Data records

----

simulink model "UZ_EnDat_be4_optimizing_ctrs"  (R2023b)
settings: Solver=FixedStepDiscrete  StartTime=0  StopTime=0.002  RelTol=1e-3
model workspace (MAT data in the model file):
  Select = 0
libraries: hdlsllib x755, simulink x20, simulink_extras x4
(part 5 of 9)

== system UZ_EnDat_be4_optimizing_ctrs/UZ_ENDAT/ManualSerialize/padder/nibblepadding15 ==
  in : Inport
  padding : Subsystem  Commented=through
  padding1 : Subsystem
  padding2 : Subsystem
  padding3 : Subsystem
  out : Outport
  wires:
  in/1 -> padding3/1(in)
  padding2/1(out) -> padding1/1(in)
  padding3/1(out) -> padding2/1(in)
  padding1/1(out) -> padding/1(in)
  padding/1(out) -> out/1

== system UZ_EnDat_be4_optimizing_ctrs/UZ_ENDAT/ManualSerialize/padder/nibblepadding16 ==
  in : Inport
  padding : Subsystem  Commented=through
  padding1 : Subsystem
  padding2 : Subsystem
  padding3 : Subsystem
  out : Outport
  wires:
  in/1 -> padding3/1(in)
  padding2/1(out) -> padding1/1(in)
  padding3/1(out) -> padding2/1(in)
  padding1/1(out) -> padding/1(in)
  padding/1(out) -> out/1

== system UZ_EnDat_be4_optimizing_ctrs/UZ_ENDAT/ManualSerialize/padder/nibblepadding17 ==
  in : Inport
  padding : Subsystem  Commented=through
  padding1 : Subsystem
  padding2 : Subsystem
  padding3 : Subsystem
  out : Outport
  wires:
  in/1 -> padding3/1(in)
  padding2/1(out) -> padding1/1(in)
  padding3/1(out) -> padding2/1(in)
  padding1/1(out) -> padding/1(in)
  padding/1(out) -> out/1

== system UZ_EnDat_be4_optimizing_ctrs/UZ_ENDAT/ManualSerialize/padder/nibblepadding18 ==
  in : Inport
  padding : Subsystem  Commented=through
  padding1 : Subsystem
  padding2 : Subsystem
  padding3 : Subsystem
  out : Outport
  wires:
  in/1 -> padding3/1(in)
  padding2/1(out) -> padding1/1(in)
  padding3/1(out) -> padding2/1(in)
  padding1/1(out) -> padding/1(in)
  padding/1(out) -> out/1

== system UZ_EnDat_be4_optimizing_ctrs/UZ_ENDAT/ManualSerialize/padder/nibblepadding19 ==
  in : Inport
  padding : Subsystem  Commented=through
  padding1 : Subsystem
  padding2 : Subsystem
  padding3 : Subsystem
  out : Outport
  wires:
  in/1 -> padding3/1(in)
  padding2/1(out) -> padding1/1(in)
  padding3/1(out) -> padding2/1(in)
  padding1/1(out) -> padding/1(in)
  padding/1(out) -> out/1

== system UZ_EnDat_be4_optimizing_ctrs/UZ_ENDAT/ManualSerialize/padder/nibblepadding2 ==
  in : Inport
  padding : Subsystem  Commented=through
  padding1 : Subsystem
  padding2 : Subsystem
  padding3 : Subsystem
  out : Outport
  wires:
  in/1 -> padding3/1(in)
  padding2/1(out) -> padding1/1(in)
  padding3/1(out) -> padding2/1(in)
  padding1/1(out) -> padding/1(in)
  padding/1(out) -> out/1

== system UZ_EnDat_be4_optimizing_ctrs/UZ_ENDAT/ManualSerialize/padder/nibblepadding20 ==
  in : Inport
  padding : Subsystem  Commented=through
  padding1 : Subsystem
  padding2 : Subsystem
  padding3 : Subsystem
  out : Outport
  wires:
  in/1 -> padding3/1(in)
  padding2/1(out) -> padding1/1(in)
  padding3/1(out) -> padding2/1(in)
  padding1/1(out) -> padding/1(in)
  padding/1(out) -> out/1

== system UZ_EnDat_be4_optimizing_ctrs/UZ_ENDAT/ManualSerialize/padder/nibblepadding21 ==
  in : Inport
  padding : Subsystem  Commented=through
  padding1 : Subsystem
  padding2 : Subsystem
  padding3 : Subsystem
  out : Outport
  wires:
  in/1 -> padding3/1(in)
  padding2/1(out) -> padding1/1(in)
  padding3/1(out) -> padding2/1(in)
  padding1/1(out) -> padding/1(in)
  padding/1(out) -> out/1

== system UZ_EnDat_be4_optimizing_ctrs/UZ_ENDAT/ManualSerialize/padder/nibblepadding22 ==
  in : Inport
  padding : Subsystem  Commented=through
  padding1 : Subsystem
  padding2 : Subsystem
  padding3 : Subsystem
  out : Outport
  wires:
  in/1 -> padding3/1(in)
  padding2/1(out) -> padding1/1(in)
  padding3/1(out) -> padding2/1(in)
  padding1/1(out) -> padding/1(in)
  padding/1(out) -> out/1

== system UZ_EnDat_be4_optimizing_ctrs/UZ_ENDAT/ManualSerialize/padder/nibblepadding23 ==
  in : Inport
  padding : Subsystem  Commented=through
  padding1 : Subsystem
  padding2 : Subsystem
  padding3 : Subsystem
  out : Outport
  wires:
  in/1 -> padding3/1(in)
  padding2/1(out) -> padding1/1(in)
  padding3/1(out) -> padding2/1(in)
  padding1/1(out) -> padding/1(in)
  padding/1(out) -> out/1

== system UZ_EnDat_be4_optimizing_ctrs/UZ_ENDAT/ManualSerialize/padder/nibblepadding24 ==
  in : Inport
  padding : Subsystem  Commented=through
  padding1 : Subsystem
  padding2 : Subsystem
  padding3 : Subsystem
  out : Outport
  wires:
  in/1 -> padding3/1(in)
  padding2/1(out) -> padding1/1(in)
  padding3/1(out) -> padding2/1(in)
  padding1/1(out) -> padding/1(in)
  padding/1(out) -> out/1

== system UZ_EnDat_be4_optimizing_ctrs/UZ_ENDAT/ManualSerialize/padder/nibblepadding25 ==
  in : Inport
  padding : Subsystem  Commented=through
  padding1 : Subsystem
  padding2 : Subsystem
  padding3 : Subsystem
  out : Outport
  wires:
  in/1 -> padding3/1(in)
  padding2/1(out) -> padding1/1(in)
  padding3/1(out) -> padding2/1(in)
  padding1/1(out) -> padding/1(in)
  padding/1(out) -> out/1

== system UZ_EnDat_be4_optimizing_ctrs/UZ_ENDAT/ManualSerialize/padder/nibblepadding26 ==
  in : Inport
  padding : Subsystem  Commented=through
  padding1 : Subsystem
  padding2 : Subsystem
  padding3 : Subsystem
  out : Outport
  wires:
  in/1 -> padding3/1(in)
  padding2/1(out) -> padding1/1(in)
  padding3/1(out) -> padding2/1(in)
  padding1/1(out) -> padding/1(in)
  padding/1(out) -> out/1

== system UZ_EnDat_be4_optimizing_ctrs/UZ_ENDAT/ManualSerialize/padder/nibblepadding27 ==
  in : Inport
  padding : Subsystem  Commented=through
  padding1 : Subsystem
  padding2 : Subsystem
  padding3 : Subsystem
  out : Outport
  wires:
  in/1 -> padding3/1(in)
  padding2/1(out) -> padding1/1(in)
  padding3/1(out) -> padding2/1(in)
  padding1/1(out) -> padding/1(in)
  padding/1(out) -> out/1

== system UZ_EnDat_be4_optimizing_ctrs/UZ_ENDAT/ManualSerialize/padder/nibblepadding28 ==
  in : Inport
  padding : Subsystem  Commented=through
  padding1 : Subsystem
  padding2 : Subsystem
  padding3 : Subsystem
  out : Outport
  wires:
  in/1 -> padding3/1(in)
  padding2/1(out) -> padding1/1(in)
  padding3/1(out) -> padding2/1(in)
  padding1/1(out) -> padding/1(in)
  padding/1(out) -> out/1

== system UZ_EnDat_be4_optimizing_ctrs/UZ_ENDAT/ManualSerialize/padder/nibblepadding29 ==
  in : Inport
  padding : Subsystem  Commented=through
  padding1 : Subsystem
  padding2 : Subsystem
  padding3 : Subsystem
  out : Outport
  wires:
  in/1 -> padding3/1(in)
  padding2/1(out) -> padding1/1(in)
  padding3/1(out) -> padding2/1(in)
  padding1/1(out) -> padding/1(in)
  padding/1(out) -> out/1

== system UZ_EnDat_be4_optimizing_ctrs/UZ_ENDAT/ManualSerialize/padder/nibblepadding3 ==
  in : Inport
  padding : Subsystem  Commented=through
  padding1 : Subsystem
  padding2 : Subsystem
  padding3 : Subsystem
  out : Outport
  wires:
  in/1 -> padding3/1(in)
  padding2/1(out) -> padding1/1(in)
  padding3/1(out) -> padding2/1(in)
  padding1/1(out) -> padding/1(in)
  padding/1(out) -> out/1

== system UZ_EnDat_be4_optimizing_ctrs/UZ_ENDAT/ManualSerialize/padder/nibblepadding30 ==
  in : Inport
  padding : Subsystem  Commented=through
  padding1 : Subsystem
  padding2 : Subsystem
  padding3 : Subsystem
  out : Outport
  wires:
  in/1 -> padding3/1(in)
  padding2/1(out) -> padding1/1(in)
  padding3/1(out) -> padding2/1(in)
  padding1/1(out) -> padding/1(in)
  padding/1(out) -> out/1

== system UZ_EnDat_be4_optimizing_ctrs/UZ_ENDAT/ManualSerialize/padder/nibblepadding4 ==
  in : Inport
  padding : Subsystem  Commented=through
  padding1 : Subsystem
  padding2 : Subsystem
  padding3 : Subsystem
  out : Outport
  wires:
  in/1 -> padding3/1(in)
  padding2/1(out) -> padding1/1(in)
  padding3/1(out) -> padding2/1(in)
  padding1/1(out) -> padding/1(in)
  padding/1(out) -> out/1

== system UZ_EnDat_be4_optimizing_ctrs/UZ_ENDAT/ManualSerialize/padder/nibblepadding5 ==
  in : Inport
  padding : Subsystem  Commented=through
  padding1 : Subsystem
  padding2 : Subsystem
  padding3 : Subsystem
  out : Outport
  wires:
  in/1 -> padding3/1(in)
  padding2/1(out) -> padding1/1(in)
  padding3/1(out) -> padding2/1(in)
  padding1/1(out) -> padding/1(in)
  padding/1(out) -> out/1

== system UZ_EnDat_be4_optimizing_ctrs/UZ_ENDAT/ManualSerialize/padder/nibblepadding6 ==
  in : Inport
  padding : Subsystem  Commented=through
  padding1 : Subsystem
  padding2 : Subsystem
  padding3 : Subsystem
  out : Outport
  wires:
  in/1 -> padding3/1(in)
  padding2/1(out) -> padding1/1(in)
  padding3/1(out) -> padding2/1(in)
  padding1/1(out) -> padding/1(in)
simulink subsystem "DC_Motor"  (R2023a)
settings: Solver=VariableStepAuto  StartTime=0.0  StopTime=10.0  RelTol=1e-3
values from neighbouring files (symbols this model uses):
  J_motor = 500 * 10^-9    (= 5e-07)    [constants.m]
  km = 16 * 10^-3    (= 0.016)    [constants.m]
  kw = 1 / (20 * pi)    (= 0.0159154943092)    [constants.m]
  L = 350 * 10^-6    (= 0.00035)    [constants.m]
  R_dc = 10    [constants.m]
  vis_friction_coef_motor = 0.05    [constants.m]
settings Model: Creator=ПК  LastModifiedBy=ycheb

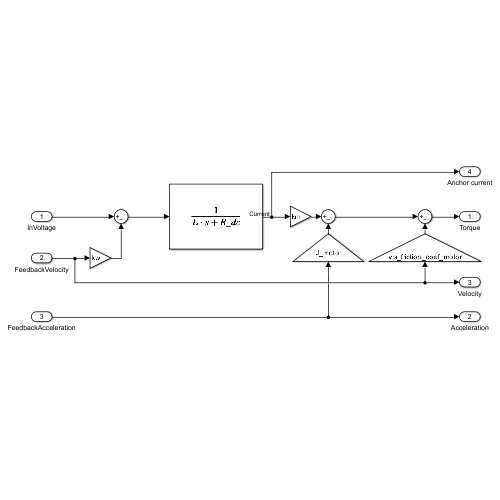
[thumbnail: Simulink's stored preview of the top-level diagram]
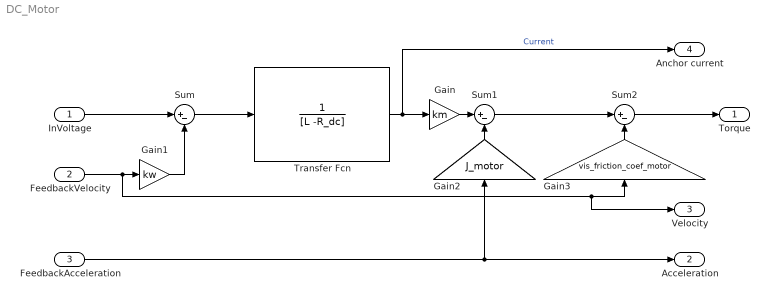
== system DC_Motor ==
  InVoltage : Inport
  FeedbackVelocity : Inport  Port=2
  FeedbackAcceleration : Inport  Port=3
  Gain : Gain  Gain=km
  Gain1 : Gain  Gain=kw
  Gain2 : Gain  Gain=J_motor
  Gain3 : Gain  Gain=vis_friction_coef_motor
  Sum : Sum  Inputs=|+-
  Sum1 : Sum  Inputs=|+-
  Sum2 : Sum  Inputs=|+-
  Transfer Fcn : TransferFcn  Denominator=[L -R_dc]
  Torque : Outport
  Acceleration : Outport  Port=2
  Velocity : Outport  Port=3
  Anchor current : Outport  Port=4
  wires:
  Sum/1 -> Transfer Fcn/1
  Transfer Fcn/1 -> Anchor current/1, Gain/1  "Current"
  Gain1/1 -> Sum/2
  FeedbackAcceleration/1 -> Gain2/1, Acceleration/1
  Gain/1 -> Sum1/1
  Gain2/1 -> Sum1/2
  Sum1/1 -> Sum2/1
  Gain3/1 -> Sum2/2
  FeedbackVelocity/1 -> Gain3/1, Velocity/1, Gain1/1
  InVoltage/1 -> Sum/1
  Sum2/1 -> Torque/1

----

**EXERCISE PROMPT**
The answer is a count and nothing more: lines above that contain "RelTol".

**WORKED SOLUTION**
2